The reason why these questions matter is because we can then have a context for developing some kind of intervention plan. Certainly, if a child has an underlying endocrine problem it is not likely that we will fundamentally alter that condition with external stimuli. However, we might introduce calming activities for parents or teachers to try in case they see that behaviorally things are 'ramping up.' Listening to calm music, petting your cat, etc. all can contribute to lower cortisol levels - these are activities to consider because cortisol level may not be optimal at any time for someone who has adrenal hyperplasia. Conversely, caregivers (including teachers) need to understand what the behavioral markers are for impending adrenal crisis and how to obtain medical intervention when needed. The problems can be bidirectional, and the response from caregivers has to be dependent on the fluctuating signs.
What complicates this is that psychoneuroendocrine responses don't occur in a vacuum - they are also influenced by behavioral patterns and habits that are established following a lifetime of sucessive responses and reinforcers. And sometimes - kids are just kids and don't listen to adults.
Now we have fully-cooked spaghetti, ready to be heaped in a mass onto a plate for consumption. I couldn't even try to answer this parent's question about whether or not the child had a sensory integration problem. That is frustrating.
In the end, I am able to recommend a home program of calming activities and signs to watch for that are indicative of arousal and fight-or-flight responses that are out of balance. I am able to provide some common sense suggestions for activity pacing - and considering ways to make environmental and contextual modifications to limit sensory overload. I am able to encourage an activity configuration that balances structure, goal-setting, and positive socialization in addition to allowing for pedal-to-the-metal raw energy release. I am able to promote what I call high-intensity parenting because their need for educating other caregivers is critical. I am able to express that behavioral expectations can't be tossed out of the window and it is STILL important to maintain some measure of expectation and standard for appropriate contextual behavior. Also, in the long run we need to provide a cognitive-behavioral program where the child is able to increasingly learn how to attune to their own regulatory state and make activity choices to address changing needs.

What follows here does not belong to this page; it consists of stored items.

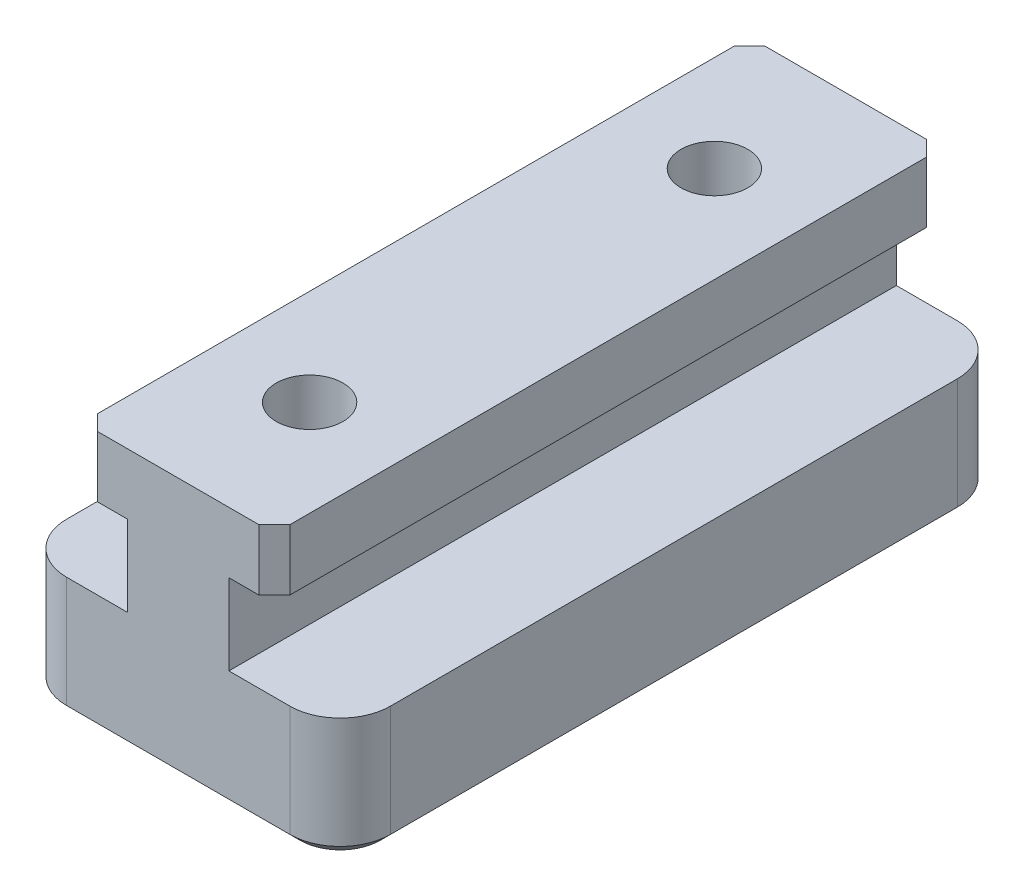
from build123d import *

# Parameters (mm, degrees)
BOSS_EXTRUDE1_DEPTH   = 16.49
FILLET1_R             = 2.4892
CHAMFER1_SIZE         = 0.508
CHAMFER3_SIZE         = 0.762
M4X0_7_TAPPED_HOLE1_D = 3.3


with BuildPart() as part:
    # Sketch1 → Boss-Extrude1 (new, symmetric)
    with BuildSketch(Plane.XY):
        Polygon((4.7498, 5.0038), (-4.7498, 5.0038), (-4.7498, 1.9916), (-2.5019, 1.9916), (-2.5019, -1.9962), (-8, -1.9962), (-8, -7.9962), (8, -7.9962), (8, -1.9962), (2.5019, -1.9962), (2.5019, 1.9916), (4.7498, 1.9916), align=None)
    extrude(amount=BOSS_EXTRUDE1_DEPTH, both=True)

    # Fillet1
    fillet1_edges = [part.edges().sort_by_distance(p)[0] for p in [
        (8, -4.9962, -16.49),
        (-8, -4.9962, -16.49),
        (-8, -4.9962, 16.49),
        (8, -4.9962, 16.49),
    ]]
    fillet(fillet1_edges, radius=FILLET1_R)

    # Chamfer1
    chamfer1_edges = [part.edges().sort_by_distance(p)[0] for p in [
        (0, -7.9962, 16.49),
        (0, -7.9962, -16.49),
        (8, -7.9962, 0),
        (-8, -7.9962, 0),
        (7.2709302, -7.9962, 15.7609302),
        (7.2709302, -7.9962, -15.7609302),
        (-7.2709302, -7.9962, -15.7609302),
        (-7.2709302, -7.9962, 15.7609302),
    ]]
    chamfer(chamfer1_edges, length=CHAMFER1_SIZE)

    # Chamfer3
    chamfer3_edges = [part.edges().sort_by_distance(p)[0] for p in [
        (4.7498, 3.4977, -16.49),
        (-4.7498, 3.4977, -16.49),
        (4.7498, 3.4977, 16.49),
        (-4.7498, 3.4977, 16.49),
    ]]
    chamfer(chamfer3_edges, length=CHAMFER3_SIZE)

    # M4x0.7 Tapped Hole1 (through all)
    with Locations(Plane(origin=(0, -7.9962, 0), x_dir=(-1, 0, 0), z_dir=(0, -1, 0))):
        with Locations((0, 10)):
            m4x0_7_tapped_hole1 = Hole(M4X0_7_TAPPED_HOLE1_D / 2)

    # Mirror1: M4x0.7 Tapped Hole1 across plane
    add(m4x0_7_tapped_hole1.mirror(Plane.XY), mode=Mode.SUBTRACT)


solid = part.part
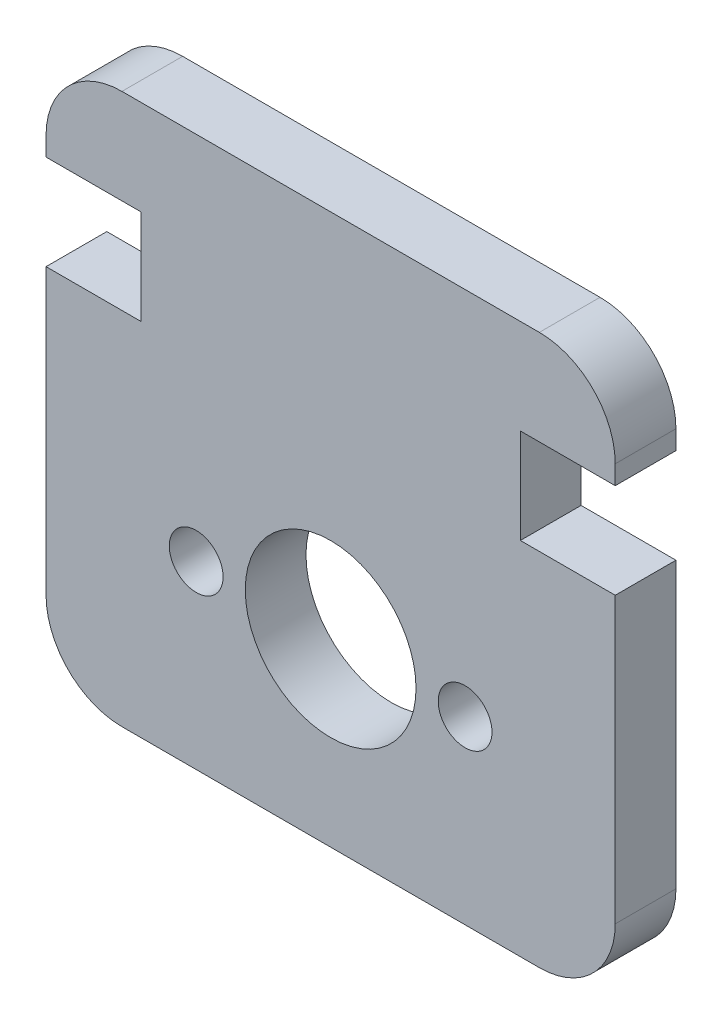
from build123d import *

# Parameters (mm, degrees)
SKETCH1_W                  = 19.05
SKETCH1_H                  = 15.24
BOSS_EXTRUDE1_DEPTH        = 1.016
SKETCH2_R                  = 2.8575
CUT_EXTRUDE1_DEPTH         = 13.366044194
SKETCH3_W                  = 3.175
SKETCH3_H                  = 3.175
CUT_EXTRUDE2_DEPTH         = 13.366044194
M1_6_CLEARANCE_HOLE1_D     = 1.8
M1_6_CLEARANCE_HOLE1_DEPTH = 2.032
M1_6_CLEARANCE_HOLE1_TIP   = 0.540774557
FILLET1_R                  = 2.54
SKETCH6_W                  = 19.05
SKETCH6_H                  = 3.175
BOSS_EXTRUDE2_DEPTH        = 2.032
FILLET2_R                  = 2.54


with BuildPart() as part:
    # Sketch1 → Boss-Extrude1 (new, symmetric)
    with BuildSketch(Plane.XY):
        Rectangle(SKETCH1_W, SKETCH1_H)
    extrude(amount=BOSS_EXTRUDE1_DEPTH, both=True)

    # Sketch2 → Cut-Extrude1 (cut, through all)
    with BuildSketch(Plane.XY.offset(1.016)):
        with Locations((0, -1.5875)):
            Circle(SKETCH2_R)
    extrude(amount=-CUT_EXTRUDE1_DEPTH, mode=Mode.SUBTRACT)

    # Sketch3 → Cut-Extrude2 (cut, through all)
    with BuildSketch(Plane.XY.offset(1.016)):
        with Locations((-7.9375, 6.0325)):
            Rectangle(SKETCH3_W, SKETCH3_H)
        with Locations((7.9375, 6.0325)):
            Rectangle(SKETCH3_W, SKETCH3_H)
    extrude(amount=-CUT_EXTRUDE2_DEPTH, mode=Mode.SUBTRACT)

    # M1.6 Clearance Hole1
    with Locations(Plane.XY.offset(1.016)):
        with Locations((-4.499999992, -1.5875), (4.500000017, -1.5875)):
            Hole(M1_6_CLEARANCE_HOLE1_D / 2, depth=M1_6_CLEARANCE_HOLE1_DEPTH)
            with Locations((0, 0, -(M1_6_CLEARANCE_HOLE1_DEPTH + M1_6_CLEARANCE_HOLE1_TIP / 2))):  # 118° drill point
                Cone(0, M1_6_CLEARANCE_HOLE1_D / 2, M1_6_CLEARANCE_HOLE1_TIP, mode=Mode.SUBTRACT)

    # Fillet1
    fillet1_edges = [part.edges().sort_by_distance(p)[0] for p in [
        (9.525, -7.62, 0),
        (-9.525, -7.62, 0),
    ]]
    fillet(fillet1_edges, radius=FILLET1_R)

    # Sketch6 → Boss-Extrude2 (add)
    with BuildSketch(Plane.XY.offset(1.016)):
        with Locations((0, 9.2075)):
            Rectangle(SKETCH6_W, SKETCH6_H)
    extrude(amount=-BOSS_EXTRUDE2_DEPTH)

    # Fillet2
    fillet2_edges = [part.edges().sort_by_distance(p)[0] for p in [
        (-9.525, 10.795, 0),
        (9.525, 10.795, 0),
    ]]
    fillet(fillet2_edges, radius=FILLET2_R)


solid = part.part
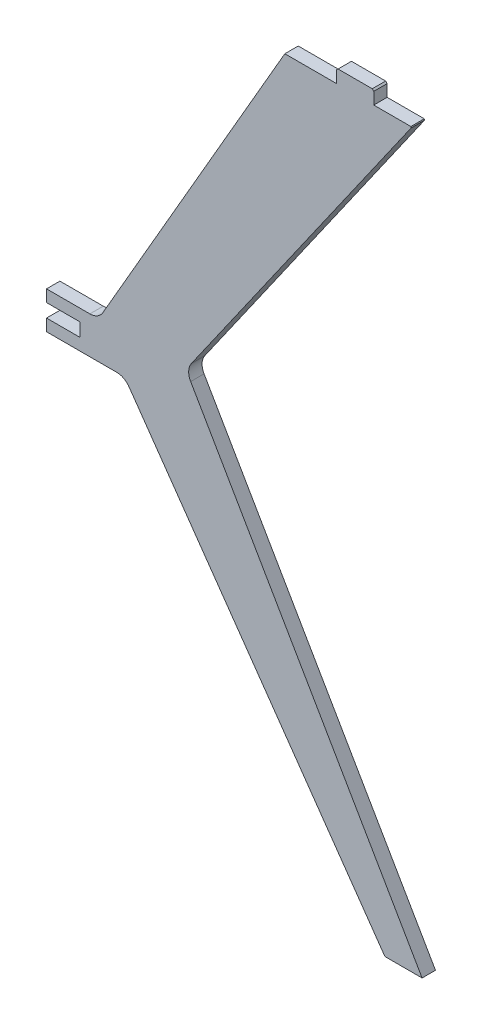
from build123d import *
from OCP.BRepFilletAPI import BRepFilletAPI_MakeChamfer

# Parameters (mm, degrees)
SALIENTE_EXTRUIR1_DEPTH = 18
CROQUIS2_W              = 50
CROQUIS2_H              = 18
SALIENTE_EXTRUIR2_DEPTH = 18
CHAFL_N1_SIZE           = 2
CHAFL_N1_SIZE2          = 1.436030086
REDONDEO1_R             = 20


with BuildPart() as part:
    # Croquis1 → Saliente-Extruir1 (new body)
    with BuildSketch(Plane.XY):
        Polygon((0, 0), (-317.542648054, 550), (-13.652576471, 984), (-184.544129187, 984), (-435.114146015, 550), (-505, 550), (-505, 534), (-460, 534), (-460, 516), (-505, 516), (-505, 500), (-400.103769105, 500), (-50, 0), align=None)
    extrude(amount=SALIENTE_EXTRUIR1_DEPTH)

    # Croquis2 → Saliente-Extruir2 (add)
    with BuildSketch(Plane(origin=(0, 984, 0), x_dir=(1, 0, 0), z_dir=(0, 1, 0))):
        with Locations((-90, -9)):
            Rectangle(CROQUIS2_W, CROQUIS2_H)
    extrude(amount=SALIENTE_EXTRUIR2_DEPTH)

    # Chafl_n1: one chamfer whose edges measure the first distance from different faces: ONE call of the kernel's chamfer builder (chamfer() names one face for all edges)
    chafl_n1_edges_1 = [part.edges().sort_by_distance(p)[0] for p in [
        (-13.652576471, 984, 9),
    ]]
    chafl_n1_side_1 = [part.faces().sort_by_distance(p)[0] for p in [
        (-165.597612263, 767, 9),
    ]]
    chafl_n1_edges_2 = [part.edges().sort_by_distance(p)[0] for p in [
        (-65, 1002, 9),
        (-115, 1002, 9),
    ]]
    chafl_n1 = BRepFilletAPI_MakeChamfer(part.part.solid().wrapped)
    for e in chafl_n1_edges_1:
        chafl_n1.Add(CHAFL_N1_SIZE, CHAFL_N1_SIZE2, e.wrapped, chafl_n1_side_1[0].wrapped)  # the first distance lies on this face
    for e in chafl_n1_edges_2:
        chafl_n1.Add(CHAFL_N1_SIZE, e.wrapped)
    add(Compound.cast(chafl_n1.Shape()), mode=Mode.REPLACE)

    # Redondeo1
    redondeo1_edges = [part.edges().sort_by_distance(p)[0] for p in [
        (-400.103769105, 500, 9),
        (-435.114146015, 550, 9),
        (-317.542648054, 550, 9),
    ]]
    fillet(redondeo1_edges, radius=REDONDEO1_R)


solid = part.part

I am not sure where this spaghetti mess begins or ends, and I do not know that it is a sensory integration problem - whatever that is - but whatever it is the child and family clearly needs some help. From a programming and logical-order perspective the problem represents an epic failure in our ability to 'name' and 'plan' interventions.
I am hopeful, at the least, that understanding the complexity will prevent me from introducing special-case if-then propositions. I learned in 11th grade that these methods don't contribute to a good final product.